▸ **Problem to work on**:
From the entries below, return only the lines starting at the one that contains "line L35 (191.6462, 602.8312)" and ending at the one that contains "line L50 (299.9607, 641.3122)", exactly as they stand.

++++++++++

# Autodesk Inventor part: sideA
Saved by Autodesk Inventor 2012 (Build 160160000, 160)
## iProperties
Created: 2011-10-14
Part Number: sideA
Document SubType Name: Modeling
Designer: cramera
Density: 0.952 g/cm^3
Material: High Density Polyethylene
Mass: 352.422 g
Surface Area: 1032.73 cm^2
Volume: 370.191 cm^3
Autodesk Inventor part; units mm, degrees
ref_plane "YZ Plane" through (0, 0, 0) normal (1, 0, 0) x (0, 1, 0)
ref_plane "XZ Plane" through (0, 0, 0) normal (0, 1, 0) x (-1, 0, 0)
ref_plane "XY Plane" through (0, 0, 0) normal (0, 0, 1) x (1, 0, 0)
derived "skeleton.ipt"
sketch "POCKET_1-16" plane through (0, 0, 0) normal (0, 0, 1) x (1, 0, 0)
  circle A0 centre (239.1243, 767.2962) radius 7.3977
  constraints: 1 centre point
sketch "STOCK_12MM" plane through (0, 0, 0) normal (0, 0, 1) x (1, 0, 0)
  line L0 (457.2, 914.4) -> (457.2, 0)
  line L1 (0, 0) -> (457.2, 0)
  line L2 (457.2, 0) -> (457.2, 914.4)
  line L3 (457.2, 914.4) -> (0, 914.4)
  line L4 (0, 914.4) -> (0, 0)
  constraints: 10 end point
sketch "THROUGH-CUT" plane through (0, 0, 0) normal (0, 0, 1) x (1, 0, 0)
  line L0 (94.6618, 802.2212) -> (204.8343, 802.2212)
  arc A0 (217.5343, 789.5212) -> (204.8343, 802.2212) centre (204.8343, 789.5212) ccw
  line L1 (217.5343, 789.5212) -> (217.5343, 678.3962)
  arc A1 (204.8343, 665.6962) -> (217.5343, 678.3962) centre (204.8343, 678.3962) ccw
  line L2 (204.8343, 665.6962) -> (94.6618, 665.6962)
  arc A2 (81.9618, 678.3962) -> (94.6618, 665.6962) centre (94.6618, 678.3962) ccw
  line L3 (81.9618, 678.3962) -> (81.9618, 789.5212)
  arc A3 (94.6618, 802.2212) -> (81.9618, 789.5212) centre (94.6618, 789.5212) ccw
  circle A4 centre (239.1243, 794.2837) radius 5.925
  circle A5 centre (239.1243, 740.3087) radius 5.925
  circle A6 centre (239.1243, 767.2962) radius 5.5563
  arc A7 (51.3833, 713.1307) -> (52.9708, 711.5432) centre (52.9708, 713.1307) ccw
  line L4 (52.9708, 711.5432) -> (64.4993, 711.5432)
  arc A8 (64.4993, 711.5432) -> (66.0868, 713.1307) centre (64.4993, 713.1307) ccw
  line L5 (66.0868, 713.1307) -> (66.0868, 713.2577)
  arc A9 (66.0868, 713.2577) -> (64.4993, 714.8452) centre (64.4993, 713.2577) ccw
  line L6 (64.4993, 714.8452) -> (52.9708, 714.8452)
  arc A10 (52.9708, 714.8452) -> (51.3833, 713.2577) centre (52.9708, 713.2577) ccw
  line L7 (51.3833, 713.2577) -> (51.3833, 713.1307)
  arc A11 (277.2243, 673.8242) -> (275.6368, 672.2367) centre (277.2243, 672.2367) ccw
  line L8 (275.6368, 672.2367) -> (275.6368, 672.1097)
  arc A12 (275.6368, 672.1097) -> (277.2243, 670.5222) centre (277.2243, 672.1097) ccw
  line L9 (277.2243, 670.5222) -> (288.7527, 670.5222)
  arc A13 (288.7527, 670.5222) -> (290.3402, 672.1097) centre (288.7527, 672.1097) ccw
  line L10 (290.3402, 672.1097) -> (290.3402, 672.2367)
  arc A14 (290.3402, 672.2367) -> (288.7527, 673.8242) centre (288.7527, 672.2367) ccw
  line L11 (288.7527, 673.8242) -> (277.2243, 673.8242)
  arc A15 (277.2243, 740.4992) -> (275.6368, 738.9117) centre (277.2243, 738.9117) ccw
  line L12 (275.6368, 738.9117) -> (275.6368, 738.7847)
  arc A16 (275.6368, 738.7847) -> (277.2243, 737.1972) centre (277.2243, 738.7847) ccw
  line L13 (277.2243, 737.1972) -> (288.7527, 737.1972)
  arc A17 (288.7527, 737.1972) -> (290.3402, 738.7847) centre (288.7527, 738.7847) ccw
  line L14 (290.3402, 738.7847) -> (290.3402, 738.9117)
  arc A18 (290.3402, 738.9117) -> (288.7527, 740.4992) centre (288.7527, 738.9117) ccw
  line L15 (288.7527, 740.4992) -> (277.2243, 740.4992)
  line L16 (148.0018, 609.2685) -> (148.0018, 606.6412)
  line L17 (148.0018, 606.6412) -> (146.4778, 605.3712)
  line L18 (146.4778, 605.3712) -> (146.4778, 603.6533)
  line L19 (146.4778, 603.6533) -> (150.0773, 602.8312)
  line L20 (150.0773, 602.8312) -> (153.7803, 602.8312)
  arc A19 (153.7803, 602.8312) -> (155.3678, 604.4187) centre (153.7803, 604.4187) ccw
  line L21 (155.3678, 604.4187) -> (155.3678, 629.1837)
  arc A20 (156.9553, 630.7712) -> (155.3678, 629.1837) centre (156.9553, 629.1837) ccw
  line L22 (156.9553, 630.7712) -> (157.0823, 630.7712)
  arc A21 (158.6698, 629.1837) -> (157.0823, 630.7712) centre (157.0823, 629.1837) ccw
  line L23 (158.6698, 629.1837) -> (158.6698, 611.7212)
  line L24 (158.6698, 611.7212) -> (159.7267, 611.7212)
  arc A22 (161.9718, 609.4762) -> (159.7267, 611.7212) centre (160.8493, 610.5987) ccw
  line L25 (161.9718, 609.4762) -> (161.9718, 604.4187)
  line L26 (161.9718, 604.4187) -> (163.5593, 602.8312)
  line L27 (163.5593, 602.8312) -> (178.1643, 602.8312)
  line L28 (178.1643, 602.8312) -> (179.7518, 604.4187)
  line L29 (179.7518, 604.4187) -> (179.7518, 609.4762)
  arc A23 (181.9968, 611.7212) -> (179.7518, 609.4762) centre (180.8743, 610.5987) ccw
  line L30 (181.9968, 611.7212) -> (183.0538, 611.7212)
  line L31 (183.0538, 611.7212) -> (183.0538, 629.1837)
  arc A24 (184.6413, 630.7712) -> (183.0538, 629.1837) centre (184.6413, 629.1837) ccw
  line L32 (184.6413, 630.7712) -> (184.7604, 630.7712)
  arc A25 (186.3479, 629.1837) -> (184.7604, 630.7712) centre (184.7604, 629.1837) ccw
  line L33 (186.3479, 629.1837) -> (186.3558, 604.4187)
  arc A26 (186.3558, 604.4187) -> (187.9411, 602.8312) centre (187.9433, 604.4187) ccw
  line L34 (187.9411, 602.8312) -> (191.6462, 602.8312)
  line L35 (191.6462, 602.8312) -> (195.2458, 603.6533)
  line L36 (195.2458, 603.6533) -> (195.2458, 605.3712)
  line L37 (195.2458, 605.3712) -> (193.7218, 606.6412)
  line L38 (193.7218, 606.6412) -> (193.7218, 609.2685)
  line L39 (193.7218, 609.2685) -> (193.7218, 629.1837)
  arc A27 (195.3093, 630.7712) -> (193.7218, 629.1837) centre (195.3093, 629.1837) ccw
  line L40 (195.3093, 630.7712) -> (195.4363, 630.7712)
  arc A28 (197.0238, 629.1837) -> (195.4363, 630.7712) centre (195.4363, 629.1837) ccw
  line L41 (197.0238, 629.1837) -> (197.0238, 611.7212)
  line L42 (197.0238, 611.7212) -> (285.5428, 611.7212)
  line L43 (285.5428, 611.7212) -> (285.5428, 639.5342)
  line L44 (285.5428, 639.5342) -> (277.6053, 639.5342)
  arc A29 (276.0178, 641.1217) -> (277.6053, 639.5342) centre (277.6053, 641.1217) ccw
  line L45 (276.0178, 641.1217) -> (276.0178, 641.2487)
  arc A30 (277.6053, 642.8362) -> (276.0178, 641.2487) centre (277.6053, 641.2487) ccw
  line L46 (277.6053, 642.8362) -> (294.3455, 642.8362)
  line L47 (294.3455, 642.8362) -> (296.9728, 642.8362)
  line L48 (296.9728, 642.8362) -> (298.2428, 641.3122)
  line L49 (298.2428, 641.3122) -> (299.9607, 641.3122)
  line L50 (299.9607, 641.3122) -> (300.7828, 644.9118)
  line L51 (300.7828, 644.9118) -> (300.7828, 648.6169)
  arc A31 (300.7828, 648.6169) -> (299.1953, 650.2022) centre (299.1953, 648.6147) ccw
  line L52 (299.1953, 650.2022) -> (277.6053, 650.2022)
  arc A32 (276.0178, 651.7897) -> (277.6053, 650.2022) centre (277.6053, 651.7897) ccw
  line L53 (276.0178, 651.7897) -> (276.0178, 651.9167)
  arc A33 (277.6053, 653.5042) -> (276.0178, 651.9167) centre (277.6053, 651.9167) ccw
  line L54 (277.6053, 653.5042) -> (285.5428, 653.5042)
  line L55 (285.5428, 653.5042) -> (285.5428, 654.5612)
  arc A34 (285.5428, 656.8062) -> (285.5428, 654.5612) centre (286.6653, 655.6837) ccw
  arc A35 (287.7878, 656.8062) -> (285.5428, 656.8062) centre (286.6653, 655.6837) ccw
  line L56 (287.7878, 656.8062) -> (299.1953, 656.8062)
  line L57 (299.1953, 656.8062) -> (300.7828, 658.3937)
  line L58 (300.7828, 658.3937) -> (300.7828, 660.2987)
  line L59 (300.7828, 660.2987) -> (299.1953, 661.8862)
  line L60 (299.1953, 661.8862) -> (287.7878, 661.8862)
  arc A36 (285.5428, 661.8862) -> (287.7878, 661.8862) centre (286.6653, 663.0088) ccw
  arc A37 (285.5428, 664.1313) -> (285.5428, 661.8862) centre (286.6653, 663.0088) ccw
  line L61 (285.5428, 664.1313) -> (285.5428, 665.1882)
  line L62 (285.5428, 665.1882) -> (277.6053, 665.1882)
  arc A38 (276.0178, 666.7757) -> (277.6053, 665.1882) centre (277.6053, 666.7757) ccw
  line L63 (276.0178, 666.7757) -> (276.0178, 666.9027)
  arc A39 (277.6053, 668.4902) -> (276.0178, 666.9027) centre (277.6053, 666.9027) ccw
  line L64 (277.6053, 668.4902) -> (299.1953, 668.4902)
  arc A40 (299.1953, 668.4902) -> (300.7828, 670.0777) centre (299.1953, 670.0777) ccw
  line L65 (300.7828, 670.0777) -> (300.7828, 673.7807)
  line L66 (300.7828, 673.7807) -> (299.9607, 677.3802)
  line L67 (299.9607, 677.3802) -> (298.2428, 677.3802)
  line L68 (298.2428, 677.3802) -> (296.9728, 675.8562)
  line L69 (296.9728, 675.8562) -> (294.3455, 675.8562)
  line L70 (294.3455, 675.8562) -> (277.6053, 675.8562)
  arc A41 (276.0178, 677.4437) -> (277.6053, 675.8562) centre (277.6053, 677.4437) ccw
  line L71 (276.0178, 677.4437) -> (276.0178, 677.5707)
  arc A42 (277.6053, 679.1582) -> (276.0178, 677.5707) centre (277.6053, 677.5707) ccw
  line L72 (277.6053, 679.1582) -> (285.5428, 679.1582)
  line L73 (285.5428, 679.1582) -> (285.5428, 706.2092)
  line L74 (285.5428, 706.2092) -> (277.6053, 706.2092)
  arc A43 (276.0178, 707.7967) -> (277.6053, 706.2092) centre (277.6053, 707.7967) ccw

++++++++++

▸ **Written answer**:
  line L35 (191.6462, 602.8312) -> (195.2458, 603.6533)
  line L36 (195.2458, 603.6533) -> (195.2458, 605.3712)
  line L37 (195.2458, 605.3712) -> (193.7218, 606.6412)
  line L38 (193.7218, 606.6412) -> (193.7218, 609.2685)
  line L39 (193.7218, 609.2685) -> (193.7218, 629.1837)
  arc A27 (195.3093, 630.7712) -> (193.7218, 629.1837) centre (195.3093, 629.1837) ccw
  line L40 (195.3093, 630.7712) -> (195.4363, 630.7712)
  arc A28 (197.0238, 629.1837) -> (195.4363, 630.7712) centre (195.4363, 629.1837) ccw
  line L41 (197.0238, 629.1837) -> (197.0238, 611.7212)
  line L42 (197.0238, 611.7212) -> (285.5428, 611.7212)
  line L43 (285.5428, 611.7212) -> (285.5428, 639.5342)
  line L44 (285.5428, 639.5342) -> (277.6053, 639.5342)
  arc A29 (276.0178, 641.1217) -> (277.6053, 639.5342) centre (277.6053, 641.1217) ccw
  line L45 (276.0178, 641.1217) -> (276.0178, 641.2487)
  arc A30 (277.6053, 642.8362) -> (276.0178, 641.2487) centre (277.6053, 641.2487) ccw
  line L46 (277.6053, 642.8362) -> (294.3455, 642.8362)
  line L47 (294.3455, 642.8362) -> (296.9728, 642.8362)
  line L48 (296.9728, 642.8362) -> (298.2428, 641.3122)
  line L49 (298.2428, 641.3122) -> (299.9607, 641.3122)
  line L50 (299.9607, 641.3122) -> (300.7828, 644.9118)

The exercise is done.